In bold: statistically significant differences

The two groups, children with ADHD and controls, were statistically different regarding AC (0.93 ± 0.10 in controls higher than 0.90 ± 0.08 in ADHD, p = 0.04) and IVRT (0.16 ± 0.06 in controls lower than 0.23 ± 0.11 in ADHD, p = 0.04) of AllCD (Table 1), but not regarding RT. Among the other significant differences observed between groups (Table 1), highlights are the efficiency of the executive network regarding AC (-0.06 ± 0.06 in controls higher than -0.11 ± 0.08 in ADHD, p = 0.04), and the efficiency of the alerting network (0.18 ± 0.06 in controls lower than 0.30 ± 0.15 in ADHD, p = 0.007), and the efficiency of the executive network (0.19 ± 0.08 in controls lower than 0.29 ± 0.15 in ADHD, p = 0.018) regarding IVRT.

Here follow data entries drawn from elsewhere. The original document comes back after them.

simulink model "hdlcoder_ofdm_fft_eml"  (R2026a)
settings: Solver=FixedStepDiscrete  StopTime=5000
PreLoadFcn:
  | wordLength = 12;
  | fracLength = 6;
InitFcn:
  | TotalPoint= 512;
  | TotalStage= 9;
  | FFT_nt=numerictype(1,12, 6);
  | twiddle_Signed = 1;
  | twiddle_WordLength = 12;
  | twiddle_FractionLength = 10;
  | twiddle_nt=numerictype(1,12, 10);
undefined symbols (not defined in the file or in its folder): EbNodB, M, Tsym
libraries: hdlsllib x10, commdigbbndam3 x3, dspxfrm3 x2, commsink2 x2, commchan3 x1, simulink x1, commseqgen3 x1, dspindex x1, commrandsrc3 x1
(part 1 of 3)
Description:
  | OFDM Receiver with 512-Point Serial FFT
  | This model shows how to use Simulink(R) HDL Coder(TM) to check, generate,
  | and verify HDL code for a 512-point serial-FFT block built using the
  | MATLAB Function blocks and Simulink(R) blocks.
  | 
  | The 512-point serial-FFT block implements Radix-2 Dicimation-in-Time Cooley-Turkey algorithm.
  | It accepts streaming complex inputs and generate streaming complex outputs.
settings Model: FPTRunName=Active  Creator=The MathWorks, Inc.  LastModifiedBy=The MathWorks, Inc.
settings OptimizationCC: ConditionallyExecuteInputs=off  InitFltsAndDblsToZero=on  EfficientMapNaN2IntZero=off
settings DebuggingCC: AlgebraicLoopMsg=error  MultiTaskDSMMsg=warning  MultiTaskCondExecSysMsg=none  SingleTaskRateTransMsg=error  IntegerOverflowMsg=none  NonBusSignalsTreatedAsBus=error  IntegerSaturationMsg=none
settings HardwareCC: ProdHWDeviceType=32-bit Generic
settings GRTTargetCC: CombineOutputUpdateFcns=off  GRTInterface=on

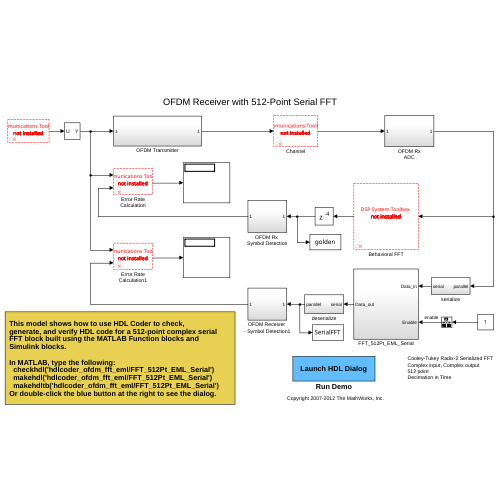
[thumbnail: Simulink's stored preview of the top-level diagram]
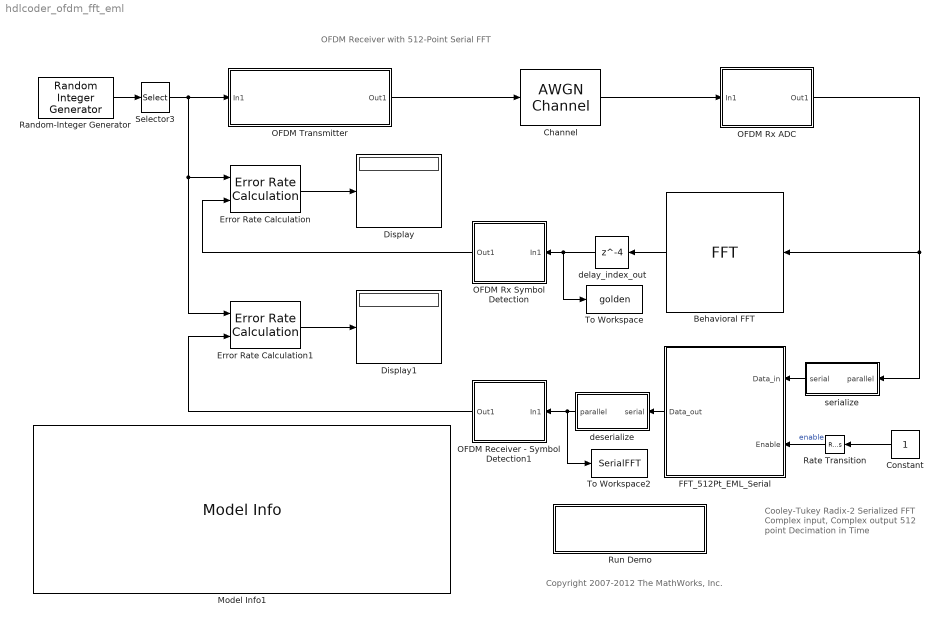
== system hdlcoder_ofdm_fft_eml ==
  note: OFDM Receiver with 512-Point Serial FFT
  note: Cooley-Tukey Radix-2 Serialized FFT
      | Complex input, Complex output
      | 512 point
      | Decimation in Time
  note: Copyright 2007-2012 The MathWorks, Inc.
  Behavioral FFT : dspxfrm3/FFT  FFTImplementation=Auto  CompMethod=Table lookup  TableOpt=NEW  TableOptActive=Speed  BitRevOrder=off  Normalize=off  InheritFFTLength=on  FFTLength=64  WrapInput=on  roundingMode=Floor  overflowMode=off  firstCoeffMode=Specify word length  firstCoeffWordLength=11  firstCoeffFracLength=10  firstCoeffDataTypeStr=fixdt(1,11)  firstCoeffLastDataTypeStr=fixdt(1,11)  prodOutputMode=Binary point scaling  prodOutputWordLength=24  prodOutputFracLength=16  prodOutputDataTypeStr=fixdt(1,24,16)  prodOutputLastDataTypeStr=fixdt(1,24,16)  accumMode=Binary point scaling  accumWordLength=25  accumFracLength=16  accumDataTypeStr=fixdt(1,25,16)  accumLastDataTypeStr=fixdt(1,25,16)  outputMode=Binary point scaling  outputWordLength=12  outputFracLength=6  outputDataTypeStr=fixdt(1,12,6)  outputMin=[]  outputMax=[]  outputLastDataTypeStr=fixdt(1,12,6)
  Channel : commchan3/AWGN Channel  LegacyMode=off  NoiseMethod="Signal to noise ratio  (SNR)"  noiseMode="Signal to noise ratio  (SNR)"  EbNo=10  EsNo=EbNodB+10*log10(log2(M))  SNR=10  BitsPerSymbol=1  SignalPower=1/512  SamplesPerSymbol=round(Tsym / 9.411765e-01)  SymbolPeriod=Tsym  VarianceSource=Parameter  Variance=10^(-0.1*15)/(2048*2)  RandomStream=mt19937ar with seed  Seed=54321  SimulateUsing=Code generation
  Constant : Constant  OutDataTypeStr=boolean  SampleTime=TotalPoint
  Display : Display
  Display1 : Display
  Error Rate Calculation : commsink2/Error Rate Calculation  N=384*4  st_delay=384  cp_mode=Entire frame  subframe=[]  PMode=Port  WsName=ErrorVec  RsMode2=off  stop=off  numErr=100  maxBits=1e6
  Error Rate Calculation1 : commsink2/Error Rate Calculation  N=384*4  st_delay=384  cp_mode=Entire frame  subframe=[]  PMode=Port  WsName=ErrorVec  RsMode2=off  stop=off  numErr=100  maxBits=1e6
  FFT_512Pt_EML_Serial : Subsystem
  Model Info1 : simulink/Model-Wide Utilities/Model Info  Frame=on  DisplayStringWithTags=|  HorizontalTextAlignment=Left  LeftAlignmentValue=0.02
      | This model shows how to use HDL Coder to check, 
      | generate, and verify HDL code for a 512-point complex serial
      | FFT block built using the MATLAB Function blocks and
      | Simulink blocks.
      | 
      | In MATLAB, type the following:
      |   checkhdl('hdlcoder_ofdm_fft_eml/FFT_512Pt_EML_Serial')
      |   makehdl('hdlcoder_ofdm_fft_eml/FFT_512Pt_EML_Serial')
      |   makehdltb('hdlcoder_ofdm_fft_eml/FFT_512Pt_EML_Serial')
      | Or double-click the blue button at the right to see the dialog.
  OFDM Receiver - Symbol Detection1 : Subsystem
  OFDM Rx ADC : Subsystem
  OFDM Rx Symbol Detection : Subsystem
  OFDM Transmitter : Subsystem
  Random-Integer Generator : commrandsrc3/Random Integer Generator  SetSize=64  SeedSource=Parameter  Seed=1234573  SampleTime=1  SamplesPerFrame=512  OutputDataType=uint8  SimulateUsing=Interpreted execution
  Rate Transition : RateTransition
  Run Demo : Subsystem
      settings: OpenFcn=hdldialog(bdroot)
      mask Display: disp('Launch HDL Dialog')
  Selector3 : Selector  InputPortWidth=512  IndexOptions=Index vector (dialog)  Indices=[1:384]  OutputSizes=1
  To Workspace : ToWorkspace  VariableName=golden  SampleTime=-1
      settings: MaxDataPoints=1
  To Workspace2 : ToWorkspace  VariableName=SerialFFT  SampleTime=-1
      settings: MaxDataPoints=1
  delay_index_out : Delay  DelayLength=4  SampleTime=512
  deserialize : Subsystem
  serialize : Subsystem
  wires:
  Channel/1 -> OFDM Rx ADC/1(In1)
  Random-Integer Generator/1 -> Selector3/1
  OFDM Transmitter/1(Out1) -> Channel/1
  Error Rate Calculation1/1 -> Display1/1
  Selector3/1 -> OFDM Transmitter/1(In1), Error Rate Calculation1/1, Error Rate Calculation/1
  FFT_512Pt_EML_Serial/1(Data_out) -> deserialize/1(serial)
  delay_index_out/1 -> OFDM Rx Symbol Detection/1(In1), To Workspace/1
  Behavioral FFT/1 -> delay_index_out/1
  Constant/1 -> Rate Transition/1
  Error Rate Calculation/1 -> Display/1
  serialize/1(serial) -> FFT_512Pt_EML_Serial/1(Data_in)
  Rate Transition/1 -> FFT_512Pt_EML_Serial/2(Enable)  "enable"
  OFDM Rx ADC/1(Out1) -> serialize/1(parallel), Behavioral FFT/1
  deserialize/1(parallel) -> OFDM Receiver - Symbol Detection1/1(In1), To Workspace2/1
  OFDM Rx Symbol Detection/1(Out1) -> Error Rate Calculation/2
  OFDM Receiver - Symbol Detection1/1(Out1) -> Error Rate Calculation1/2

== system hdlcoder_ofdm_fft_eml/FFT_512Pt_EML_Serial ==
  Data_in : Inport
  Enable : Inport  Port=2
  Serialized_FFT : Subsystem
  Terminator : Terminator
  Terminator1 : Terminator
  Data_out : Outport
  wires:
  Enable/1 -> Serialized_FFT/1(enable)
  Data_in/1 -> Serialized_FFT/2(data_in)  "serial_in"
  Serialized_FFT/1(data_en) -> Terminator/1
  Serialized_FFT/2(data_out) -> Data_out/1
  Serialized_FFT/3(Index_out) -> Terminator1/1

== system hdlcoder_ofdm_fft_eml/OFDM Receiver - Symbol Detection1 ==
  In1 : Inport
  Data Type Conversion4 : DataTypeConversion  OutDataTypeStr=uint8  SaturateOnIntegerOverflow=off  RndMeth=Floor
  Extract Data Carriers and Reorder1 : Selector  InputPortWidth=512  IndexOptions=Index vector (dialog)  Indices=[317:340 342:389 391:438 440:487 489:512 2:25 27:74 76:123 125:172 174:197]  OutputSizes=1
  Frame Conversion : FrameConversion
  RX Power Scaling1 : Gain  Gain=1/4
  Rectangular QAM Demodulator Baseband : commdigbbndam3/Rectangular QAM Demodulator Baseband  M=64  OutType=Integer  DecType=Hard decision  VarSource=Dialog  Variance=1  Dec=Gray  Mapping=[0:15]  PowType=Min. distance between symbols  MinDist=2  AvgPow=1  PeakPow=1  Ph=0  outDtype1=Inherit via internal rule  outDtype2=Inherit via internal rule  derotateFactorWordLen=16  derotateFactorDataTypeStr=Inherit: Same word length as input  derotateFactorLastDataTypeStr=Inherit: Same word length as input  denormFactorWordLen=16  denormFactorDataTypeStr=Inherit: Same word length as input  denormFactorLastDataTypeStr=Inherit: Same word length as input  prodOutWordLen=32  prodOutOverflowMode=Wrap  prodOutRoundingMode=Floor  prodOutOvFlMode=off  prodOutOvFlModeLastStrValue=off  sumWordLen=32
  Rx DAC : DataTypeConversion  OutDataTypeStr=double  SaturateOnIntegerOverflow=off  RndMeth=Floor
  Out1 : Outport
  wires:
  In1/1 -> Rx DAC/1
  Data Type Conversion4/1 -> Out1/1
  Extract Data Carriers and Reorder1/1 -> RX Power Scaling1/1
  RX Power Scaling1/1 -> Rectangular QAM Demodulator Baseband/1
  Frame Conversion/1 -> Extract Data Carriers and Reorder1/1
  Rx DAC/1 -> Frame Conversion/1
  Rectangular QAM Demodulator Baseband/1 -> Data Type Conversion4/1

== system hdlcoder_ofdm_fft_eml/OFDM Rx ADC ==
  In1 : Inport
  Frame Conversion1 : FrameConversion  OutFrame=Sample-based
  Remove Cyclic Prefix : Selector  NumberOfDimensions=2  InputPortWidth=80  IndexOptions=Index vector (dialog),Select all  Indices=[33:544],1  OutputSizes=1,1
  Rx ADC : DataTypeConversion  OutDataTypeStr=fixdt(1,wordLength,fracLength)  SaturateOnIntegerOverflow=off  RndMeth=Floor
  Out1 : Outport
  wires:
  Rx ADC/1 -> Frame Conversion1/1
  Frame Conversion1/1 -> Remove Cyclic Prefix/1
  Remove Cyclic Prefix/1 -> Out1/1
  In1/1 -> Rx ADC/1

== system hdlcoder_ofdm_fft_eml/OFDM Rx Symbol Detection ==
  In1 : Inport
  Data Type Conversion4 : DataTypeConversion  OutDataTypeStr=uint8  SaturateOnIntegerOverflow=off  RndMeth=Floor
  Extract Data Carriers and Reorder1 : Selector  InputPortWidth=512  IndexOptions=Index vector (dialog)  Indices=[317:340 342:389 391:438 440:487 489:512 2:25 27:74 76:123 125:172 174:197]  OutputSizes=1
  Frame Conversion : FrameConversion
  RX Power Scaling1 : Gain  Gain=1/4
  Rectangular QAM Demodulator Baseband : commdigbbndam3/Rectangular QAM Demodulator Baseband  M=64  OutType=Integer  DecType=Hard decision  VarSource=Dialog  Variance=1  Dec=Gray  Mapping=[0:15]  PowType=Min. distance between symbols  MinDist=2  AvgPow=1  PeakPow=1  Ph=0  outDtype1=Inherit via internal rule  outDtype2=Inherit via internal rule  derotateFactorWordLen=16  derotateFactorDataTypeStr=Inherit: Same word length as input  derotateFactorLastDataTypeStr=Inherit: Same word length as input  denormFactorWordLen=16  denormFactorDataTypeStr=Inherit: Same word length as input  denormFactorLastDataTypeStr=Inherit: Same word length as input  prodOutWordLen=32  prodOutOverflowMode=Wrap  prodOutRoundingMode=Floor  prodOutOvFlMode=off  prodOutOvFlModeLastStrValue=off  sumWordLen=32
  Rx DAC : DataTypeConversion  OutDataTypeStr=double  SaturateOnIntegerOverflow=off  RndMeth=Floor
  Out1 : Outport
  wires:
  Rectangular QAM Demodulator Baseband/1 -> Data Type Conversion4/1
  Rx DAC/1 -> Frame Conversion/1
  Frame Conversion/1 -> Extract Data Carriers and Reorder1/1
  RX Power Scaling1/1 -> Rectangular QAM Demodulator Baseband/1
  Extract Data Carriers and Reorder1/1 -> RX Power Scaling1/1
  Data Type Conversion4/1 -> Out1/1
  In1/1 -> Rx DAC/1

== system hdlcoder_ofdm_fft_eml/OFDM Transmitter ==
  In1 : Inport
  Append Cyclic Prefix : Selector  NumberOfDimensions=2  InputPortWidth=256  IndexOptions=Index vector (dialog),Select all  Indices=[481:512 1:512],1  OutputSizes=1,1
  IFFT : dspxfrm3/IFFT  FFTImplementation=Auto  CompMethod=Table lookup  TableOpt=HYBRID  TableOptActive=Speed  BitRevOrder=off  cs_in=off  Normalize=on  InheritFFTLength=on  FFTLength=64  WrapInput=on  mode=Complex  outSamplingMode=Frame based  roundingMode=Floor  overflowMode=off  firstCoeffMode=Specify word length  firstCoeffWordLength=16  firstCoeffFracLength=15  firstCoeffDataTypeStr=fixdt(1,16)  firstCoeffLastDataTypeStr=fixdt(1,16)  accumDataTypeStr=Inherit: Same as product output  accumLastDataTypeStr=Inherit: Same as product output  outputMin=[]  outputMax=[]
  Insert Pilots : Subsystem
  Rectangular QAM Modulator Baseband : commdigbbndam3/Rectangular QAM Modulator Baseband  M=64  InType=Integer  Enc=Gray  Mapping=[0:15]  PowType=Min. distance between symbols  MinDist=2  AvgPow=1  PeakPow=1  Ph=0  outDtype=double  outWordLen=16  outUDDataType=sfix(16)  outFracLenMode=Best precision  outFracLen=15  outDataTypeStr=double  outLastDataTypeStr=double
  TX Power Scaling : Gain  Gain=4
  Tx ADC : DataTypeConversion  OutDataTypeStr=fixdt(1,wordLength,fracLength)  SaturateOnIntegerOverflow=off  RndMeth=Floor
  Tx DAC : DataTypeConversion  OutDataTypeStr=double  SaturateOnIntegerOverflow=off  RndMeth=Floor
  Out1 : Outport
  wires:
  Rectangular QAM Modulator Baseband/1 -> Insert Pilots/1(In1)
  Insert Pilots/1(Out1) -> Tx ADC/1
  Tx ADC/1 -> IFFT/1
  TX Power Scaling/1 -> Append Cyclic Prefix/1
  IFFT/1 -> TX Power Scaling/1
  Append Cyclic Prefix/1 -> Tx DAC/1
  In1/1 -> Rectangular QAM Modulator Baseband/1
  Tx DAC/1 -> Out1/1

== system hdlcoder_ofdm_fft_eml/Run Demo ==

== system hdlcoder_ofdm_fft_eml/deserialize ==
  serial : Inport
  Buffer : Buffer  N=512  OutputFrames=off
  Frame Conversion : FrameConversion  OutFrame=Sample-based
  Rate Transition : RateTransition  Deterministic=off  OutPortSampleTime=TotalPoint
  delay_index_out : Delay  DelayLength=238
  tp0c9cbef0_20fa_4817_87de_7b2a1aa0b940 : FrameConversion
  parallel : Outport
  wires:
  delay_index_out/1 -> Buffer/1
  serial/1 -> delay_index_out/1
  Rate Transition/1 -> parallel/1
  Frame Conversion/1 -> Rate Transition/1
  Buffer/1 -> tp0c9cbef0_20fa_4817_87de_7b2a1aa0b940/1
  tp0c9cbef0_20fa_4817_87de_7b2a1aa0b940/1 -> Frame Conversion/1

== system hdlcoder_ofdm_fft_eml/serialize ==
  parallel : Inport
  Frame Conversion : FrameConversion
  Unbuffer : Unbuffer
  serial : Outport
  wires:
  parallel/1 -> Frame Conversion/1
  Frame Conversion/1 -> Unbuffer/1
  Unbuffer/1 -> serial/1

== system hdlcoder_ofdm_fft_eml/FFT_512Pt_EML_Serial/Serialized_FFT ==
  enable : Inport
  data_in : Inport  Port=2
  End_Stage_Reorder : Subsystem
  FFT_Stages : Subsystem
  Start_Stage_BitReverse : Subsystem
  data_en : Outport
  data_out : Outport  Port=2
  Index_out : Outport  Port=3
  wires:
  Start_Stage_BitReverse/1(data_en) -> FFT_Stages/1(enable)
  Start_Stage_BitReverse/2(data_out) -> FFT_Stages/2(data_in)
  enable/1 -> Start_Stage_BitReverse/1(enable)
  data_in/1 -> Start_Stage_BitReverse/2(data_in)
  FFT_Stages/1(data_en) -> End_Stage_Reorder/1(enable)
  FFT_Stages/2(data_out) -> End_Stage_Reorder/2(data_in)
  FFT_Stages/3(index_out) -> End_Stage_Reorder/3(data_in1)
  End_Stage_Reorder/1(data_en) -> data_en/1
  End_Stage_Reorder/2(data_out) -> data_out/1
  End_Stage_Reorder/3(index_out) -> Index_out/1

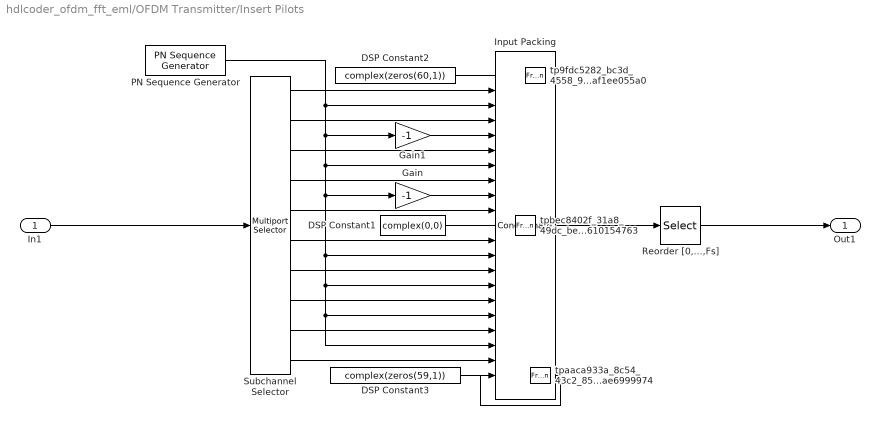
== system hdlcoder_ofdm_fft_eml/OFDM Transmitter/Insert Pilots ==
  In1 : Inport
  DSP Constant1 : Constant  Value=complex(0,0)  VectorParams1D=off
  DSP Constant2 : Constant  Value=complex(zeros(60,1))  VectorParams1D=off
  DSP Constant3 : Constant  Value=complex(zeros(59,1))  VectorParams1D=off
  Gain : Gain  Gain=-1
  Gain1 : Gain  Gain=-1
  Input Packing : Concatenate  NumInputs=21  Mode=Multidimensional array
  PN Sequence Generator : commseqgen3/PN Sequence Generator  poly=[1 0 0 0 0 0 0 0 0 0 0 0 0 1 1]  ini_sta=[1 0 0 1 0 1 0 1 0 0 0 0 0 0]  outBitMaskSource=Dialog parameter  shift=0  outVarSiz=off  maxOutSizeMode=Dialog parameter  maxOutSize=[10 1]  Ts=512  sampPerFrame=1  reset=off  bitPackedOutputs=off  outDataType=double  numPackedBits=8  bitPackDataSigned=off  bitPackedOutDType=double
  Reorder [0,...,Fs] : Selector  NumberOfDimensions=2  InputPortWidth=256  IndexOptions=Index vector (dialog),Select all  Indices=[257:512 1:256],1  OutputSizes=1,1
  Subchannel Selector : dspindex/Multiport Selector  rowsOrCols=Rows  idxCellArray={[1:24],[25:72],[73:120],[121:168],[169:192],[193:216],[217:264],[265:312],[313:360],[361:384]}  idxErrMode=Generate Error
  tp9fdc5282_bc3d_4558_90ac_c7af1ee055a0 : FrameConversion
  tpaaca933a_8c54_43c2_85ab_d0aae6999974 : FrameConversion
  tpbec8402f_31a8_49dc_be14_d26610154763 : FrameConversion
  Out1 : Outport
  wires:
  In1/1 -> Subchannel Selector/1
  PN Sequence Generator/1 -> Gain1/1, Gain/1, Input Packing/19, Input Packing/17, Input Packing/15, Input Packing/13, Input Packing/7, Input Packing/3
  Subchannel Selector/10 -> Input Packing/20
  Subchannel Selector/9 -> Input Packing/18
  Subchannel Selector/8 -> Input Packing/16
  Subchannel Selector/7 -> Input Packing/14
  Subchannel Selector/6 -> Input Packing/12
  Subchannel Selector/5 -> Input Packing/10
  Subchannel Selector/4 -> Input Packing/8
  Subchannel Selector/3 -> Input Packing/6
  Subchannel Selector/2 -> Input Packing/4
  Subchannel Selector/1 -> Input Packing/2
  Gain/1 -> Input Packing/9
  Gain1/1 -> Input Packing/5
  Input Packing/1 -> Reorder [0,...,Fs]/1
  Reorder [0,...,Fs]/1 -> Out1/1
  DSP Constant1/1 -> tpbec8402f_31a8_49dc_be14_d26610154763/1
  tpbec8402f_31a8_49dc_be14_d26610154763/1 -> Input Packing/11
  DSP Constant2/1 -> tp9fdc5282_bc3d_4558_90ac_c7af1ee055a0/1
  tp9fdc5282_bc3d_4558_90ac_c7af1ee055a0/1 -> Input Packing/1
  DSP Constant3/1 -> tpaaca933a_8c54_43c2_85ab_d0aae6999974/1
  tpaaca933a_8c54_43c2_85ab_d0aae6999974/1 -> Input Packing/21

== system hdlcoder_ofdm_fft_eml/FFT_512Pt_EML_Serial/Serialized_FFT/End_Stage_Reorder ==
  enable : Inport
  data_in : Inport  Port=2
  data_in1 : Inport  Port=3
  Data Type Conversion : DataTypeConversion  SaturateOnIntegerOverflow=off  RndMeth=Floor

In the group with all 39 subjects, a strong correlation was observed between the total DSM score and the efficiencies of the alerting and executive networks (r = 0.62 and r = 0.54, respectively), and a moderate correlation was observed with the efficiency of the orienting network (r = 0.48) concerning IVRT (Table 2). Criteria for hyperactivity+impulsivity showed a strong correlation with the efficiency of the alerting network (r = 0.51) and a moderate correlation with the efficiency of the executive network (r = 0.40), respectively. The criteria for inattention showed moderate correlation with the efficiencies of alerting (r = 0.50), orienting (r = 0.41), and executive networks(r = 0.46). Overall, these correlations were stronger inside the ADHD group (Table 2). We did not observe significant correlations between behavioral dimensions (AC and RT) and ADHD DSM criteria.

Table 2. Correlation between DSM scores of ADHD and intraindividual variation in reaction time (IVRT) in ANT.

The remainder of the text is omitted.